Тьфу! Трофим перевернулся на спину и стал думать о другом – как он сейчас с опаской встанет, и Клим не почует, не проснётся; он выйдет из каморки, сойдёт вниз, к крыльцу, а там все тоже спят – время ещё тёмное, ночное, почему не прикорнуть? А он с крыльца и через двор к Троицкой башне, и там все спят, он в башню, вниз по лесенке к колодцу, снимет с него решётку и полезет вниз. Чего туда не залезть – колодец давно сухой, и там на самом дне сбоку открыт лаз – он в него нырь и полез дальше! Лез, лез и вылез в чистом поле, осмотрелся – кругом снег, Слобода аж вон где, сзади в четырёх верстах, не меньше, и он по полю, через леса, реки, болота и опять через поля – за Каму, к медведям, и пусть его там медведи задерут, сожрут, только бы сбежать отсюда. Марьян был прав, Мотька права, эх…

Вдруг Клим чихнул во сне. Трофим опомнился, вздохнул, подумал, что какая тут Троицкая башня, да тут только с лавки слезь – и сразу же сбегутся и начнут орать: "На службу!" Трофим ещё раз вздохнул, сел на лежанке, сунул руку под тюфяк…

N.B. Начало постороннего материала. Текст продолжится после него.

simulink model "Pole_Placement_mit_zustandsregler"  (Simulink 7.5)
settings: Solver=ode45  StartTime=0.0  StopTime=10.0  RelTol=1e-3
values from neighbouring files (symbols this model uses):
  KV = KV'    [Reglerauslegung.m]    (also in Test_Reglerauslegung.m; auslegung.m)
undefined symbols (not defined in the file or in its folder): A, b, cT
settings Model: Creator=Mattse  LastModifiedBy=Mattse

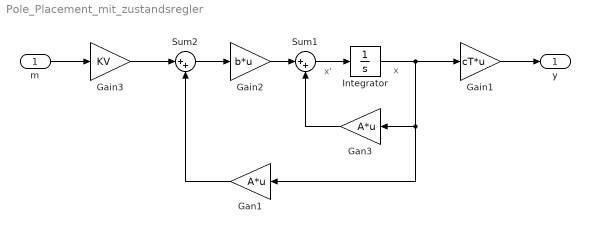
== system Pole_Placement_mit_zustandsregler ==
  note: x'
  note: x
  m : Inport  OutDataType=fixdt(1, 16)  OutScaling=2^0
  Gain1 : Gain  Gain=cT*u  ParameterDataType=fixdt(1, 16)  ParameterScaling=2^0  OutDataType=fixdt(1, 16)  OutScaling=2^0
  Gain2 : Gain  Gain=b*u  ParameterDataType=fixdt(1, 16)  ParameterScaling=2^0  OutDataType=fixdt(1, 16)  OutScaling=2^0
  Gain3 : Gain  Gain=KV  ParameterDataType=fixdt(1, 16)  ParameterScaling=2^0  OutDataType=fixdt(1, 16)  OutScaling=2^0
  Gan1 : Gain  Gain=A*u  ParameterDataType=fixdt(1, 16)  ParameterScaling=2^0  OutDataType=fixdt(1, 16)  OutScaling=2^0
  Gan3 : Gain  Gain=A*u  ParameterDataType=fixdt(1, 16)  ParameterScaling=2^0  OutDataType=fixdt(1, 16)  OutScaling=2^0
  Integrator : Integrator
  Sum1 : Sum  Inputs=|++  OutDataType=fixdt(1, 16)  OutScaling=2^0
  Sum2 : Sum  Inputs=|++  OutDataType=fixdt(1, 16)  OutScaling=2^0
  y : Outport  OutDataType=fixdt(1, 16)  OutScaling=2^0
  wires:
  Integrator/1 -> Gain1/1, Gan3/1, Gan1/1
  Sum1/1 -> Integrator/1
  Gain2/1 -> Sum1/1
  Gan3/1 -> Sum1/2
  Gain1/1 -> y/1
  Gan1/1 -> Sum2/2
  Sum2/1 -> Gain2/1
  m/1 -> Gain3/1
  Gain3/1 -> Sum2/1

И похолодел! Кочерги не было! Трофим сунулся туда, сюда, ощупал… Нет нигде! Трофим соскочил на пол, проверил под лавкой – нет. Завернул тюфяк – нет. Глянул под досками – нет. Трофим прислушался. Клим спал. Или делал вид, что спит.

– Клим! – громко позвал Трофим.

Клим даже не шелохнулся. Трофим ещё раз окликнул и ещё. Клим не отзывался и не шевелился. Да его что, зарезали, что ли? Так не дышал бы. Трофим тряхнул Клима за плечо. Клим заворочался, спросил спросонья:

– Что такое?

– Кочерга пропала!

– Какая ещё, на хрен, кочерга?!

– Аграфенина! Заговорённая!

Клим встрепенулся, сел. Спросил:

– Как это вдруг пропала?

– А вот так! Из-под тюфяка! Кто-то достал!